What we continuously see with our eyes affects our soul and begins to circulate within us. Every day spent out here, results in another night of peacefully unrolling our sleeping bag before falling fast asleep. There are entire days where we don't see a soul and we can really pick and choose where to pitch up our tents for the night. Other times we move from one village to the next, “escorted” by curious children or inquisitive elderly people who ask us where we've come from and in what direction we are headed. We are invited into the Berber houses for tea by almost every local, both to indulge in conversation and to escape the heat of the outdoors. Sometimes, however, we prefer to continue hiking without breaking the pace, because over the years we have learned that a glass of tea in Morocco often turns into a full-course meal.

Ever since we started to slowly cross the mountain chains and plotting new itineraries, I have found that I love reading the map with the local people. It is sometimes difficult to find detailed maps, so before we set out across these mountain chains, I study satellite photos which I print out and carefully laminate. Finding your way in an unfamiliar territory, with unfamiliar landscapes might prove difficult, but that is the exciting thing about adventure.

Travelling light without realising it, you enter the hearts of people with a free mind and the strength of mutual curiosity. We often feel like a lightweight pencil sketching out a map of new paths, replete with more and more precious identities, ready to bear witness to the beauty and fragility of these remote places.

ALTRIPIANI

The Altripiani project is a combination of photography, mountaineering, cultural, anthropological and linguistics research. Its goal is to trace new paths and different routes. Lines that do not run from one city to another, but which slowly cross mountain chains and small villages in search of faces and memories.

We are two attentive and curious kids: Giacomo is a photographer born and raised in Venice, as well as a mountain enthusiast and creator of the project. Glorija, is a multilingual Istrian girl, who is the main communicator during these trips.

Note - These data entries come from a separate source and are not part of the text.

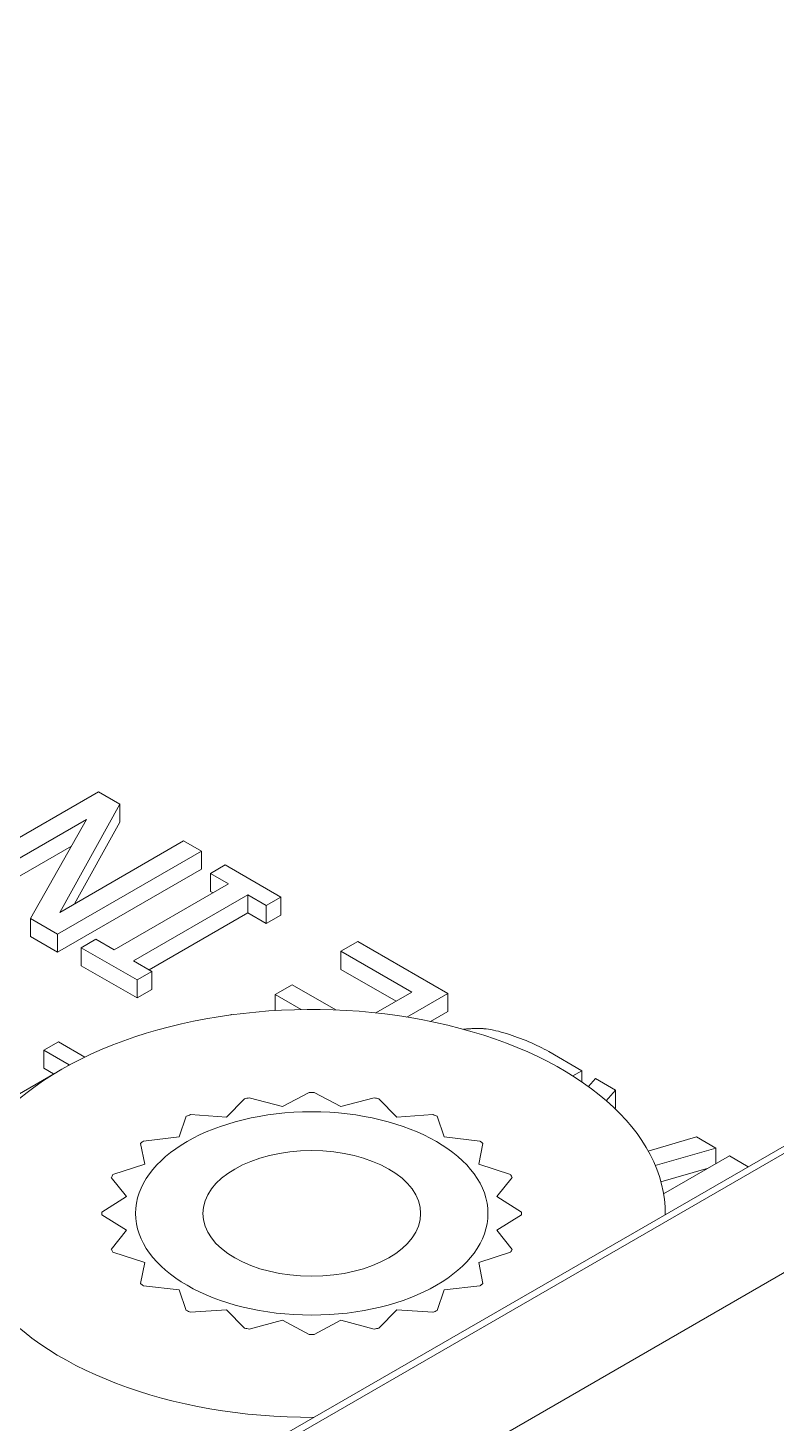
# Model space of a CAD drawing. Header units: millimetres. Extents: x 17 to 728, y 8 to 567.
# Drawn here: x 589.76 to 598.23, y 406.39 to 422.19 of the extents above; entities that cross this region are included whole.
import ezdxf

# ---------------------------------------------------------------- set-up
doc = ezdxf.new("R2010")
doc.units = ezdxf.units.MM
doc.header["$LTSCALE"] = 1.333333
doc.layers.add('Visible (ANSI)', color=7, linetype='Continuous', lineweight=18)
doc.layers.add('Visible Narrow (ANSI)', color=7, linetype='Continuous', lineweight=9)

msp = doc.modelspace()

# ---------------------------------------------------------------- linework, layer by layer
at = {"layer": 'Visible (ANSI)'}
for p, q in [((654.206, 441.795), (539.623, 375.641)), ((653.609, 440.017), (542.805, 376.045)), ((590.563, 413.539), (588.937, 412.6)), ((590.805, 413.399), (590.563, 413.539)), ((590.123, 412.174), (590.805, 413.399)), ((590.805, 413.195), (590.805, 413.399)), ((589.138, 412.484), (590.426, 413.227)), ((590.426, 413.227), (589.793, 412.106)), ((590.805, 413.195), (590.29, 412.271)), ((591.525, 412.984), (590.123, 412.174)), ((591.727, 412.867), (591.525, 412.984)), ((590.255, 412.925), (589.138, 412.28)), ((590.1, 411.928), (591.727, 412.867)), ((591.727, 412.663), (591.727, 412.867)), ((591.727, 412.663), (590.1, 411.724)), ((591.994, 412.713), (591.828, 412.617)), ((592.624, 412.349), (591.994, 412.713)), ((592.035, 412.498), (590.741, 411.75)), ((591.828, 412.617), (592.035, 412.498)), ((591.828, 412.413), (591.828, 412.617)), ((590.957, 411.625), (592.251, 412.373)), ((591.858, 412.395), (591.828, 412.413)), ((592.251, 412.373), (592.458, 412.253)), ((592.251, 412.169), (592.251, 412.373)), ((592.458, 412.253), (592.624, 412.349)), ((592.624, 412.145), (592.624, 412.349)), ((592.458, 412.049), (592.458, 412.253)), ((589.793, 412.106), (590.1, 411.928)), ((589.793, 411.902), (589.793, 412.106)), ((592.251, 412.169), (591.134, 411.523)), ((592.458, 412.049), (592.251, 412.169)), ((592.624, 412.145), (592.458, 412.049)), ((590.1, 411.724), (589.793, 411.902)), ((590.1, 411.724), (590.1, 411.928)), ((590.534, 411.87), (590.368, 411.774)), ((590.741, 411.75), (590.534, 411.87)), ((590.368, 411.774), (590.998, 411.41)), ((590.368, 411.57), (590.368, 411.774)), ((593.497, 411.845), (593.304, 411.734)), ((593.304, 411.734), (594.106, 411.272)), ((593.304, 411.53), (593.304, 411.734)), ((594.514, 411.258), (593.497, 411.845)), ((590.998, 411.206), (590.368, 411.57)), ((591.164, 411.506), (590.957, 411.625)), ((590.998, 411.41), (591.164, 411.506)), ((590.998, 411.206), (590.998, 411.41)), ((591.164, 411.302), (591.164, 411.506)), ((593.929, 411.17), (593.304, 411.53)), ((591.164, 411.302), (590.998, 411.206)), ((592.755, 411.355), (592.562, 411.244)), ((592.562, 411.244), (592.855, 411.074)), ((592.562, 411.063), (592.562, 411.244)), ((593.248, 411.07), (592.755, 411.355)), ((594.106, 411.272), (593.7, 411.037)), ((594.051, 410.99), (594.514, 411.258)), ((594.514, 411.054), (594.514, 411.258)), ((592.063, 411.018), (592.056, 411.014)), ((592.067, 411.015), (592.063, 411.018)), ((594.514, 411.054), (594.319, 410.941)), ((590.109, 410.71), (589.943, 410.614)), ((589.943, 410.614), (590.231, 410.447)), ((589.943, 410.41), (589.943, 410.614)), ((590.407, 410.537), (590.109, 410.71)), ((596.031, 410.382), (595.657, 410.598)), ((590.231, 410.447), (590.221, 410.441)), ((590.073, 410.356), (588.766, 409.601)), ((590.054, 410.345), (589.943, 410.41)), ((595.929, 410.323), (596.031, 410.382)), ((596.031, 410.256), (596.031, 410.382)), ((596.185, 410.293), (596.107, 410.202)), ((596.413, 410.161), (596.185, 410.293)), ((592.946, 410.137), (592.643, 409.975)), ((593.306, 409.975), (593.003, 410.137)), ((596.308, 410.042), (596.413, 410.161)), ((596.413, 409.957), (596.413, 410.161)), ((592.214, 410.065), (592.012, 409.857)), ((592.643, 409.975), (592.268, 410.075)), ((593.681, 410.075), (593.306, 409.975)), ((593.937, 409.857), (593.735, 410.065)), ((591.556, 409.866), (591.475, 409.632)), ((592.012, 409.857), (591.602, 409.885)), ((594.347, 409.885), (593.937, 409.857)), ((594.474, 409.632), (594.393, 409.866)), ((596.413, 409.957), (596.408, 409.951)), ((591.037, 409.559), (591.085, 409.322)), ((591.475, 409.632), (591.07, 409.585)), ((594.879, 409.585), (594.474, 409.632)), ((594.864, 409.322), (594.912, 409.559)), ((597.329, 409.633), (596.783, 409.472)), ((596.862, 409.31), (597.548, 409.506)), ((597.548, 409.506), (597.329, 409.633)), ((597.548, 409.328), (597.548, 409.506)), ((597.702, 409.417), (596.956, 408.987)), ((597.914, 409.295), (597.702, 409.417)), ((591.085, 409.322), (590.725, 409.205)), ((595.224, 409.205), (594.864, 409.322)), ((597.459, 409.277), (596.926, 409.124)), ((590.707, 409.174), (590.88, 408.958)), ((595.069, 408.958), (595.242, 409.174)), ((590.88, 408.958), (590.6, 408.782)), ((595.349, 408.782), (595.069, 408.958)), ((590.6, 408.75), (590.88, 408.575)), ((595.069, 408.575), (595.349, 408.75)), ((596.975, 408.766), (596.975, 408.752)), ((590.88, 408.575), (590.707, 408.358)), ((595.242, 408.358), (595.069, 408.575)), ((590.725, 408.327), (591.085, 408.21)), ((594.864, 408.21), (595.224, 408.327)), ((591.085, 408.21), (591.037, 407.973)), ((594.912, 407.973), (594.864, 408.21)), ((591.07, 407.947), (591.475, 407.9)), ((594.474, 407.9), (594.879, 407.947)), ((591.475, 407.9), (591.556, 407.666)), ((594.393, 407.666), (594.474, 407.9)), ((591.602, 407.647), (592.012, 407.675)), ((592.012, 407.675), (592.214, 407.467)), ((593.735, 407.467), (593.937, 407.675)), ((593.937, 407.675), (594.347, 407.647)), ((592.268, 407.457), (592.643, 407.557)), ((592.643, 407.557), (592.946, 407.395)), ((593.003, 407.395), (593.306, 407.557)), ((593.306, 407.557), (593.681, 407.457))]:
    msp.add_line(p, q, dxfattribs=at)
at = {"layer": 'Visible (ANSI)', "flags": 128}
for points in [[(594.95, 410.855), (594.942, 410.856), (594.933, 410.857), (594.924, 410.858), (594.914, 410.859), (594.904, 410.859), (594.895, 410.86), (594.885, 410.86), (594.874, 410.86), (594.864, 410.861), (594.853, 410.861), (594.843, 410.861), (594.832, 410.86), (594.82, 410.86), (594.809, 410.86), (594.798, 410.86), (594.786, 410.859), (594.774, 410.858), (594.762, 410.858), (594.75, 410.857), (594.738, 410.856), (594.727, 410.855), (594.715, 410.854), (594.703, 410.853), (594.691, 410.852)], [(595.657, 410.598), (595.632, 410.613), (595.605, 410.627), (595.578, 410.641), (595.55, 410.655), (595.521, 410.669), (595.492, 410.683), (595.462, 410.696), (595.431, 410.71), (595.4, 410.723), (595.369, 410.735), (595.337, 410.748), (595.305, 410.76), (595.274, 410.771), (595.242, 410.782), (595.211, 410.792), (595.179, 410.802), (595.149, 410.811), (595.118, 410.82), (595.088, 410.828), (595.059, 410.835), (595.031, 410.841), (595.003, 410.847), (594.976, 410.852), (594.95, 410.855)]]:
    msp.add_lwpolyline(points, dxfattribs=at)
at = {"layer": 'Visible (ANSI)'}
for major_axis, start_param, end_param in [((-4, 0), 3.135595, 7.859979), ((2.375, 0), 1.558878, 1.582715), ((2.375, 0), 1.873037, 1.896874), ((2.375, 0), 1.244718, 1.268556), ((2.375, 0), 2.187196, 2.211033), ((2.375, 0), 0.930559, 0.954396), ((2.375, 0), 2.501356, 2.525193), ((2.375, 0), 0.6164, 0.640237), ((-2.375, 0), 5.957107, 5.980945), ((2.375, 0), 0.302241, 0.326078), ((-2.375, 0), 6.271267, 6.295104), ((2.375, 0), 6.271267, 6.295104), ((-2.375, 0), 0.302241, 0.326078), ((2.375, 0), 5.957107, 5.980945), ((-2.375, 0), 0.6164, 0.640237), ((-2.375, 0), 2.501356, 2.525193), ((-2.375, 0), 0.930559, 0.954396), ((-2.375, 0), 2.187196, 2.211033), ((-2.375, 0), 1.244718, 1.268556), ((-2.375, 0), 1.873037, 1.896874), ((-2.375, 0), 1.558878, 1.582715)]:
    msp.add_ellipse((592.975, 408.766), major_axis=major_axis, ratio=0.57735, start_param=start_param, end_param=end_param, dxfattribs=at)
for major_axis in [(1.994, 0), (-1.232, 0)]:
    msp.add_ellipse((592.975, 408.766), major_axis=major_axis, ratio=0.57735, dxfattribs=at)
at = {"layer": 'Visible Narrow (ANSI)'}
msp.add_line((539.623, 375.556), (654.456, 441.855), dxfattribs=at)

doc.saveas('drawing.dxf')

The idea came about in 2015 as the result of Giacomo’s passions and studies. He drew the first line of the project with an anthropologist friend as they explored the Caucasus mountains up to the Iranian plateaus. Together with Glorija, in 2016 he embarked on the trip over the Carpathian Mountains in Central-Eastern Europe, and since 2017 the two of them have crossed the High Atlas in Morocco several times. The projects intention is to encounter and investigate religious and cultural differences in the countries and plateaus that have been crossed. We want to find people in the most isolated ecological communities in the mountains, (while avoiding the common places) to hopefully sit down and learn as much as we can about their way of life. Altripiani looks for remote places where the physical map is more helpful than the political one. We believe in experiencing situations in which an old map is more accurate than a GPS, as it preserves character of the city and gives you a sense of culture.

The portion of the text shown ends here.